Plugin Engine - Githubissues

ocrmypdf / OCRmyPDF

OCRmyPDF adds an OCR text layer to scanned PDF files, allowing them to be searched

http://ocrmypdf.readthedocs.io/

Mozilla Public License 2.0

13.54k stars 989 forks source link

Plugin Engine #717

Closed maldag closed 3 years ago

maldag commented 3 years ago

I'm working with this tool for years now and I'm trying to optimize my workflow further more. Is there a way to get the following tasks done:

Extraction of the following keys from the image:
- Date of the paper
- Company sending it (by corporate logo using opencv-template matching or text database)
- Topic of letter if available
- Some letter say ("your key" or "our key") based on database records (which would mostly work when the corresponding company was identified first)
Automatic naming of output files based on extracted information in files like above?

jbarlow83 commented 3 years ago

Generally yes.

The worker processes get copies of the shared job context, but they do not have a way to pass page-level decisions back because ocrmypdf doesn't have need information flowing in that direction. So if, for example, your plugin used filter_ocr_image to process a page image match it to templates, you'd need some external data source to put this in, to allow for the possibility that a different process queries it later. A small database would do the job, or multiprocessing.Manager.

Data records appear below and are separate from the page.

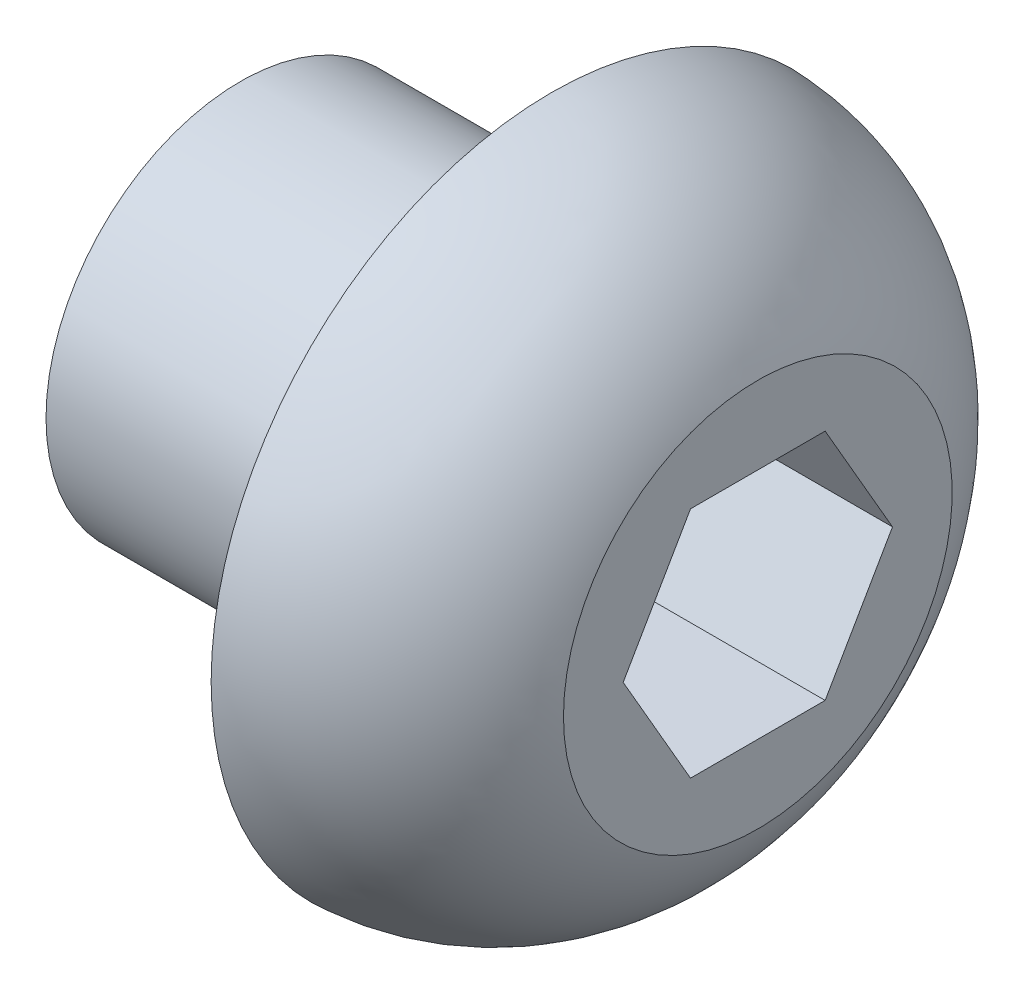
ISO-10303-21;
HEADER;
FILE_DESCRIPTION(('STEP AP214'),'2;1');
FILE_NAME('part.step','',(''),(''),'','','');
FILE_SCHEMA(('AUTOMOTIVE_DESIGN { 1 0 10303 214 1 1 1 1 }'));
ENDSEC;
DATA;
#1=APPLICATION_CONTEXT('core data for automotive mechanical design processes');
#2=APPLICATION_PROTOCOL_DEFINITION('international standard','automotive_design',2000,#1);
#3=PRODUCT_CONTEXT('',#1,'mechanical');
#4=PRODUCT('Part','Part','',(#3));
#5=PRODUCT_RELATED_PRODUCT_CATEGORY('part','',(#4));
#6=PRODUCT_DEFINITION_FORMATION('','',#4);
#7=PRODUCT_DEFINITION_CONTEXT('part definition',#1,'design');
#8=PRODUCT_DEFINITION('design','',#6,#7);
#9=PRODUCT_DEFINITION_SHAPE('','',#8);
#10=(LENGTH_UNIT() NAMED_UNIT(*) SI_UNIT(.MILLI.,.METRE.));
#11=(NAMED_UNIT(*) PLANE_ANGLE_UNIT() SI_UNIT($,.RADIAN.));
#12=(NAMED_UNIT(*) SI_UNIT($,.STERADIAN.) SOLID_ANGLE_UNIT());
#13=UNCERTAINTY_MEASURE_WITH_UNIT(LENGTH_MEASURE(1.E-05),#10,'distance_accuracy_value','');
#14=(GEOMETRIC_REPRESENTATION_CONTEXT(3) GLOBAL_UNCERTAINTY_ASSIGNED_CONTEXT((#13)) GLOBAL_UNIT_ASSIGNED_CONTEXT((#10,
#11,#12)) REPRESENTATION_CONTEXT('',''));
#15=CARTESIAN_POINT('',(0.,0.,0.));
#16=DIRECTION('',(0.,0.,1.));
#17=DIRECTION('',(1.,0.,0.));
#18=AXIS2_PLACEMENT_3D('',#15,#16,#17);
#19=CARTESIAN_POINT('',(0.,0.,0.));
#20=DIRECTION('',(1.,0.,0.));
#21=DIRECTION('',(0.,0.,-1.));
#22=AXIS2_PLACEMENT_3D('',#19,#20,#21);
#23=PLANE('',#22);
#24=CARTESIAN_POINT('',(0.,0.,0.));
#25=DIRECTION('',(-1.,0.,0.));
#26=DIRECTION('',(0.,0.,1.));
#27=AXIS2_PLACEMENT_3D('',#24,#25,#26);
#28=CIRCLE('',#27,3.96875);
#29=CARTESIAN_POINT('',(0.,0.,3.96875));
#30=VERTEX_POINT('',#29);
#31=EDGE_CURVE('E11',#30,#30,#28,.T.);
#32=ORIENTED_EDGE('',*,*,#31,.T.);
#33=EDGE_LOOP('',(#32));
#34=FACE_BOUND('',#33,.T.);
#35=ADVANCED_FACE('F32',(#34),#23,.F.);
#36=CARTESIAN_POINT('',(-7.10959552912187,0.,0.));
#37=DIRECTION('',(-1.,0.,0.));
#38=DIRECTION('',(0.,0.,1.));
#39=AXIS2_PLACEMENT_3D('',#36,#37,#38);
#40=CYLINDRICAL_SURFACE('',#39,3.96875);
#41=ORIENTED_EDGE('',*,*,#31,.F.);
#42=EDGE_LOOP('',(#41));
#43=FACE_BOUND('',#42,.T.);
#44=CARTESIAN_POINT('',(6.35,0.,0.));
#45=DIRECTION('',(-1.,0.,0.));
#46=DIRECTION('',(0.,0.,1.));
#47=AXIS2_PLACEMENT_3D('',#44,#45,#46);
#48=CIRCLE('',#47,3.96875);
#49=CARTESIAN_POINT('',(6.35,0.,3.96875));
#50=VERTEX_POINT('',#49);
#51=EDGE_CURVE('E39',#50,#50,#48,.T.);
#52=ORIENTED_EDGE('',*,*,#51,.T.);
#53=EDGE_LOOP('',(#52));
#54=FACE_BOUND('',#53,.T.);
#55=ADVANCED_FACE('F148',(#43,#54),#40,.T.);
#56=CARTESIAN_POINT('',(6.35,3.96875,0.));
#57=DIRECTION('',(1.,0.,0.));
#58=DIRECTION('',(0.,0.,-1.));
#59=AXIS2_PLACEMENT_3D('',#56,#57,#58);
#60=PLANE('',#59);
#61=ORIENTED_EDGE('',*,*,#51,.F.);
#62=EDGE_LOOP('',(#61));
#63=FACE_BOUND('',#62,.T.);
#64=CARTESIAN_POINT('',(6.35,0.,0.));
#65=DIRECTION('',(-1.,0.,0.));
#66=DIRECTION('',(0.,0.,1.));
#67=AXIS2_PLACEMENT_3D('',#64,#65,#66);
#68=CIRCLE('',#67,6.9469);
#69=CARTESIAN_POINT('',(6.35,0.,6.9469));
#70=VERTEX_POINT('',#69);
#71=EDGE_CURVE('E143',#70,#70,#68,.T.);
#72=ORIENTED_EDGE('',*,*,#71,.T.);
#73=EDGE_LOOP('',(#72));
#74=FACE_BOUND('',#73,.T.);
#75=ADVANCED_FACE('F150',(#63,#74),#60,.F.);
#76=CARTESIAN_POINT('',(6.12946561422209,0.,0.));
#77=DIRECTION('',(-1.,0.,0.));
#78=DIRECTION('',(0.,0.,1.));
#79=AXIS2_PLACEMENT_3D('',#76,#77,#78);
#80=DEGENERATE_TOROIDAL_SURFACE('',#79,2.16085350286454,4.79112476231344,.T.);
#81=ORIENTED_EDGE('',*,*,#71,.F.);
#82=EDGE_LOOP('',(#81));
#83=FACE_BOUND('',#82,.T.);
#84=CARTESIAN_POINT('',(10.5664,0.,0.));
#85=DIRECTION('',(-1.,0.,0.));
#86=DIRECTION('',(0.,0.,1.));
#87=AXIS2_PLACEMENT_3D('',#84,#85,#86);
#88=CIRCLE('',#87,3.96875);
#89=CARTESIAN_POINT('',(10.5664,0.,3.96875));
#90=VERTEX_POINT('',#89);
#91=EDGE_CURVE('E134',#90,#90,#88,.T.);
#92=ORIENTED_EDGE('',*,*,#91,.T.);
#93=EDGE_LOOP('',(#92));
#94=FACE_BOUND('',#93,.T.);
#95=ADVANCED_FACE('F153',(#83,#94),#80,.T.);
#96=CARTESIAN_POINT('',(10.5664,0.,0.));
#97=DIRECTION('',(-1.,0.,0.));
#98=DIRECTION('',(0.,0.,1.));
#99=AXIS2_PLACEMENT_3D('',#96,#97,#98);
#100=PLANE('',#99);
#101=DIRECTION('',(0.,0.866025403784439,0.5));
#102=VECTOR('',#101,1.);
#103=CARTESIAN_POINT('',(10.5664,0.,-2.74963065701559));
#104=LINE('',#103,#102);
#105=CARTESIAN_POINT('',(10.5664,0.,-2.74963065701559));
#106=VERTEX_POINT('',#105);
#107=CARTESIAN_POINT('',(10.5664,2.38125,-1.3748153285078));
#108=VERTEX_POINT('',#107);
#109=EDGE_CURVE('E100',#106,#108,#104,.T.);
#110=ORIENTED_EDGE('',*,*,#109,.F.);
#111=DIRECTION('',(0.,0.866025403784439,-0.5));
#112=VECTOR('',#111,1.);
#113=CARTESIAN_POINT('',(10.5664,-2.38125,-1.3748153285078));
#114=LINE('',#113,#112);
#115=CARTESIAN_POINT('',(10.5664,-2.38125,-1.3748153285078));
#116=VERTEX_POINT('',#115);
#117=EDGE_CURVE('E46',#116,#106,#114,.T.);
#118=ORIENTED_EDGE('',*,*,#117,.F.);
#119=DIRECTION('',(0.,0.,-1.));
#120=VECTOR('',#119,1.);
#121=CARTESIAN_POINT('',(10.5664,-2.38125,1.3748153285078));
#122=LINE('',#121,#120);
#123=CARTESIAN_POINT('',(10.5664,-2.38125,1.3748153285078));
#124=VERTEX_POINT('',#123);
#125=EDGE_CURVE('E116',#124,#116,#122,.T.);
#126=ORIENTED_EDGE('',*,*,#125,.F.);
#127=DIRECTION('',(0.,-0.866025403784439,-0.5));
#128=VECTOR('',#127,1.);
#129=CARTESIAN_POINT('',(10.5664,0.,2.74963065701559));
#130=LINE('',#129,#128);
#131=CARTESIAN_POINT('',(10.5664,0.,2.74963065701559));
#132=VERTEX_POINT('',#131);
#133=EDGE_CURVE('E110',#132,#124,#130,.T.);
#134=ORIENTED_EDGE('',*,*,#133,.F.);
#135=DIRECTION('',(0.,-0.866025403784439,0.5));
#136=VECTOR('',#135,1.);
#137=CARTESIAN_POINT('',(10.5664,2.38125,1.3748153285078));
#138=LINE('',#137,#136);
#139=CARTESIAN_POINT('',(10.5664,2.38125,1.3748153285078));
#140=VERTEX_POINT('',#139);
#141=EDGE_CURVE('E108',#140,#132,#138,.T.);
#142=ORIENTED_EDGE('',*,*,#141,.F.);
#143=DIRECTION('',(0.,0.,1.));
#144=VECTOR('',#143,1.);
#145=CARTESIAN_POINT('',(10.5664,2.38125,-1.3748153285078));
#146=LINE('',#145,#144);
#147=EDGE_CURVE('E89',#108,#140,#146,.T.);
#148=ORIENTED_EDGE('',*,*,#147,.F.);
#149=EDGE_LOOP('',(#110,#118,#126,#134,#142,#148));
#150=FACE_BOUND('',#149,.T.);
#151=ORIENTED_EDGE('',*,*,#91,.F.);
#152=EDGE_LOOP('',(#151));
#153=FACE_BOUND('',#152,.T.);
#154=ADVANCED_FACE('F104',(#150,#153),#100,.F.);
#155=CARTESIAN_POINT('',(6.7564,-2.38125,-1.3748153285078));
#156=DIRECTION('',(0.,-0.5,-0.866025403784439));
#157=DIRECTION('',(0.,0.866025403784439,-0.5));
#158=AXIS2_PLACEMENT_3D('',#155,#156,#157);
#159=PLANE('',#158);
#160=ORIENTED_EDGE('',*,*,#117,.T.);
#161=DIRECTION('',(1.,0.,0.));
#162=VECTOR('',#161,1.);
#163=CARTESIAN_POINT('',(6.7564,0.,-2.74963065701559));
#164=LINE('',#163,#162);
#165=CARTESIAN_POINT('',(6.7564,0.,-2.74963065701559));
#166=VERTEX_POINT('',#165);
#167=EDGE_CURVE('E97',#166,#106,#164,.T.);
#168=ORIENTED_EDGE('',*,*,#167,.F.);
#169=DIRECTION('',(0.,0.866025403784439,-0.5));
#170=VECTOR('',#169,1.);
#171=CARTESIAN_POINT('',(6.7564,-2.38125,-1.3748153285078));
#172=LINE('',#171,#170);
#173=CARTESIAN_POINT('',(6.7564,-2.38125,-1.3748153285078));
#174=VERTEX_POINT('',#173);
#175=EDGE_CURVE('E118',#174,#166,#172,.T.);
#176=ORIENTED_EDGE('',*,*,#175,.F.);
#177=DIRECTION('',(1.,0.,0.));
#178=VECTOR('',#177,1.);
#179=CARTESIAN_POINT('',(6.7564,-2.38125,-1.3748153285078));
#180=LINE('',#179,#178);
#181=EDGE_CURVE('E53',#174,#116,#180,.T.);
#182=ORIENTED_EDGE('',*,*,#181,.T.);
#183=EDGE_LOOP('',(#160,#168,#176,#182));
#184=FACE_BOUND('',#183,.T.);
#185=ADVANCED_FACE('F162',(#184),#159,.F.);
#186=CARTESIAN_POINT('',(6.7564,-2.38125,1.3748153285078));
#187=DIRECTION('',(0.,-1.,0.));
#188=DIRECTION('',(0.,0.,-1.));
#189=AXIS2_PLACEMENT_3D('',#186,#187,#188);
#190=PLANE('',#189);
#191=ORIENTED_EDGE('',*,*,#125,.T.);
#192=ORIENTED_EDGE('',*,*,#181,.F.);
#193=DIRECTION('',(0.,0.,-1.));
#194=VECTOR('',#193,1.);
#195=CARTESIAN_POINT('',(6.7564,-2.38125,1.3748153285078));
#196=LINE('',#195,#194);
#197=CARTESIAN_POINT('',(6.7564,-2.38125,1.3748153285078));
#198=VERTEX_POINT('',#197);
#199=EDGE_CURVE('E130',#198,#174,#196,.T.);
#200=ORIENTED_EDGE('',*,*,#199,.F.);
#201=DIRECTION('',(1.,0.,0.));
#202=VECTOR('',#201,1.);
#203=CARTESIAN_POINT('',(6.7564,-2.38125,1.3748153285078));
#204=LINE('',#203,#202);
#205=EDGE_CURVE('E135',#198,#124,#204,.T.);
#206=ORIENTED_EDGE('',*,*,#205,.T.);
#207=EDGE_LOOP('',(#191,#192,#200,#206));
#208=FACE_BOUND('',#207,.T.);
#209=ADVANCED_FACE('F167',(#208),#190,.F.);
#210=CARTESIAN_POINT('',(6.7564,0.,2.74963065701559));
#211=DIRECTION('',(0.,-0.5,0.866025403784439));
#212=DIRECTION('',(0.,-0.866025403784439,-0.5));
#213=AXIS2_PLACEMENT_3D('',#210,#211,#212);
#214=PLANE('',#213);
#215=ORIENTED_EDGE('',*,*,#133,.T.);
#216=ORIENTED_EDGE('',*,*,#205,.F.);
#217=DIRECTION('',(0.,-0.866025403784439,-0.5));
#218=VECTOR('',#217,1.);
#219=CARTESIAN_POINT('',(6.7564,0.,2.74963065701559));
#220=LINE('',#219,#218);
#221=CARTESIAN_POINT('',(6.7564,0.,2.74963065701559));
#222=VERTEX_POINT('',#221);
#223=EDGE_CURVE('E127',#222,#198,#220,.T.);
#224=ORIENTED_EDGE('',*,*,#223,.F.);
#225=DIRECTION('',(1.,0.,0.));
#226=VECTOR('',#225,1.);
#227=CARTESIAN_POINT('',(6.7564,0.,2.74963065701559));
#228=LINE('',#227,#226);
#229=EDGE_CURVE('E137',#222,#132,#228,.T.);
#230=ORIENTED_EDGE('',*,*,#229,.T.);
#231=EDGE_LOOP('',(#215,#216,#224,#230));
#232=FACE_BOUND('',#231,.T.);
#233=ADVANCED_FACE('F205',(#232),#214,.F.);
#234=CARTESIAN_POINT('',(6.7564,2.38125,1.3748153285078));
#235=DIRECTION('',(0.,0.5,0.866025403784439));
#236=DIRECTION('',(0.,-0.866025403784439,0.5));
#237=AXIS2_PLACEMENT_3D('',#234,#235,#236);
#238=PLANE('',#237);
#239=ORIENTED_EDGE('',*,*,#141,.T.);
#240=ORIENTED_EDGE('',*,*,#229,.F.);
#241=DIRECTION('',(0.,-0.866025403784439,0.5));
#242=VECTOR('',#241,1.);
#243=CARTESIAN_POINT('',(6.7564,2.38125,1.3748153285078));
#244=LINE('',#243,#242);
#245=CARTESIAN_POINT('',(6.7564,2.38125,1.3748153285078));
#246=VERTEX_POINT('',#245);
#247=EDGE_CURVE('E124',#246,#222,#244,.T.);
#248=ORIENTED_EDGE('',*,*,#247,.F.);
#249=DIRECTION('',(1.,0.,0.));
#250=VECTOR('',#249,1.);
#251=CARTESIAN_POINT('',(6.7564,2.38125,1.3748153285078));
#252=LINE('',#251,#250);
#253=EDGE_CURVE('E96',#246,#140,#252,.T.);
#254=ORIENTED_EDGE('',*,*,#253,.T.);
#255=EDGE_LOOP('',(#239,#240,#248,#254));
#256=FACE_BOUND('',#255,.T.);
#257=ADVANCED_FACE('F214',(#256),#238,.F.);
#258=CARTESIAN_POINT('',(6.7564,2.38125,-1.3748153285078));
#259=DIRECTION('',(0.,1.,0.));
#260=DIRECTION('',(0.,0.,1.));
#261=AXIS2_PLACEMENT_3D('',#258,#259,#260);
#262=PLANE('',#261);
#263=ORIENTED_EDGE('',*,*,#147,.T.);
#264=ORIENTED_EDGE('',*,*,#253,.F.);
#265=DIRECTION('',(0.,0.,1.));
#266=VECTOR('',#265,1.);
#267=CARTESIAN_POINT('',(6.7564,2.38125,-1.3748153285078));
#268=LINE('',#267,#266);
#269=CARTESIAN_POINT('',(6.7564,2.38125,-1.3748153285078));
#270=VERTEX_POINT('',#269);
#271=EDGE_CURVE('E92',#270,#246,#268,.T.);
#272=ORIENTED_EDGE('',*,*,#271,.F.);
#273=DIRECTION('',(1.,0.,0.));
#274=VECTOR('',#273,1.);
#275=CARTESIAN_POINT('',(6.7564,2.38125,-1.3748153285078));
#276=LINE('',#275,#274);
#277=EDGE_CURVE('E85',#270,#108,#276,.T.);
#278=ORIENTED_EDGE('',*,*,#277,.T.);
#279=EDGE_LOOP('',(#263,#264,#272,#278));
#280=FACE_BOUND('',#279,.T.);
#281=ADVANCED_FACE('F87',(#280),#262,.F.);
#282=CARTESIAN_POINT('',(6.7564,0.,-2.74963065701559));
#283=DIRECTION('',(0.,0.5,-0.866025403784439));
#284=DIRECTION('',(0.,0.866025403784439,0.5));
#285=AXIS2_PLACEMENT_3D('',#282,#283,#284);
#286=PLANE('',#285);
#287=ORIENTED_EDGE('',*,*,#109,.T.);
#288=ORIENTED_EDGE('',*,*,#277,.F.);
#289=DIRECTION('',(0.,0.866025403784439,0.5));
#290=VECTOR('',#289,1.);
#291=CARTESIAN_POINT('',(6.7564,0.,-2.74963065701559));
#292=LINE('',#291,#290);
#293=EDGE_CURVE('E121',#166,#270,#292,.T.);
#294=ORIENTED_EDGE('',*,*,#293,.F.);
#295=ORIENTED_EDGE('',*,*,#167,.T.);
#296=EDGE_LOOP('',(#287,#288,#294,#295));
#297=FACE_BOUND('',#296,.T.);
#298=ADVANCED_FACE('F101',(#297),#286,.F.);
#299=CARTESIAN_POINT('',(6.7564,-2.38125,-1.3748153285078));
#300=DIRECTION('',(-1.,0.,0.));
#301=DIRECTION('',(0.,0.,1.));
#302=AXIS2_PLACEMENT_3D('',#299,#300,#301);
#303=PLANE('',#302);
#304=ORIENTED_EDGE('',*,*,#175,.T.);
#305=ORIENTED_EDGE('',*,*,#293,.T.);
#306=ORIENTED_EDGE('',*,*,#271,.T.);
#307=ORIENTED_EDGE('',*,*,#247,.T.);
#308=ORIENTED_EDGE('',*,*,#223,.T.);
#309=ORIENTED_EDGE('',*,*,#199,.T.);
#310=EDGE_LOOP('',(#304,#305,#306,#307,#308,#309));
#311=FACE_BOUND('',#310,.T.);
#312=ADVANCED_FACE('F241',(#311),#303,.F.);
#313=CLOSED_SHELL('',(#35,#55,#75,#95,#154,#185,#209,#233,#257,#281,#298,#312));
#314=MANIFOLD_SOLID_BREP('B2',#313);
#315=ADVANCED_BREP_SHAPE_REPRESENTATION('',(#18,#314),#14);
#316=SHAPE_DEFINITION_REPRESENTATION(#9,#315);
ENDSEC;
END-ISO-10303-21;

For something like renaming output files I suggest calling ocrmypdf's API in a script, saving the file to a fixed location, and moving it there. That seems easier to me than injecting that logic into ocrmypdf with a plugin.

I can probably add new plugin hooks if you identify a need for them.

maldag commented 3 years ago

So you'd think it might be better to use a separate python project to do this? Is there any need here for such feature? To me that looks like the logical next step.

jbarlow83 commented 3 years ago

Whether a plugin goes into a separate or is just a standalone script is a question of how you want to organize it.

Is there any need here for such feature?

Which feature are you referring to?

maldag commented 3 years ago

Whether a plugin goes into a separate or is just a standalone script is a question of how you want to organize it.

Is there any need here for such feature?

Which feature are you referring to?

I was thinking about extending this project to a light dms, where information gets extracted from recognized text.

jbarlow83 commented 3 years ago

Have a look at paperless-ng in case it fits.

If you're adding several thousand new lines of code that sounds more like you want to encapsulate it in a project - possibly one that supplies a plugin or two to help get data out.

jbarlow83 commented 3 years ago

I'll close the issue now. If you have further related questions feel free to reopen it.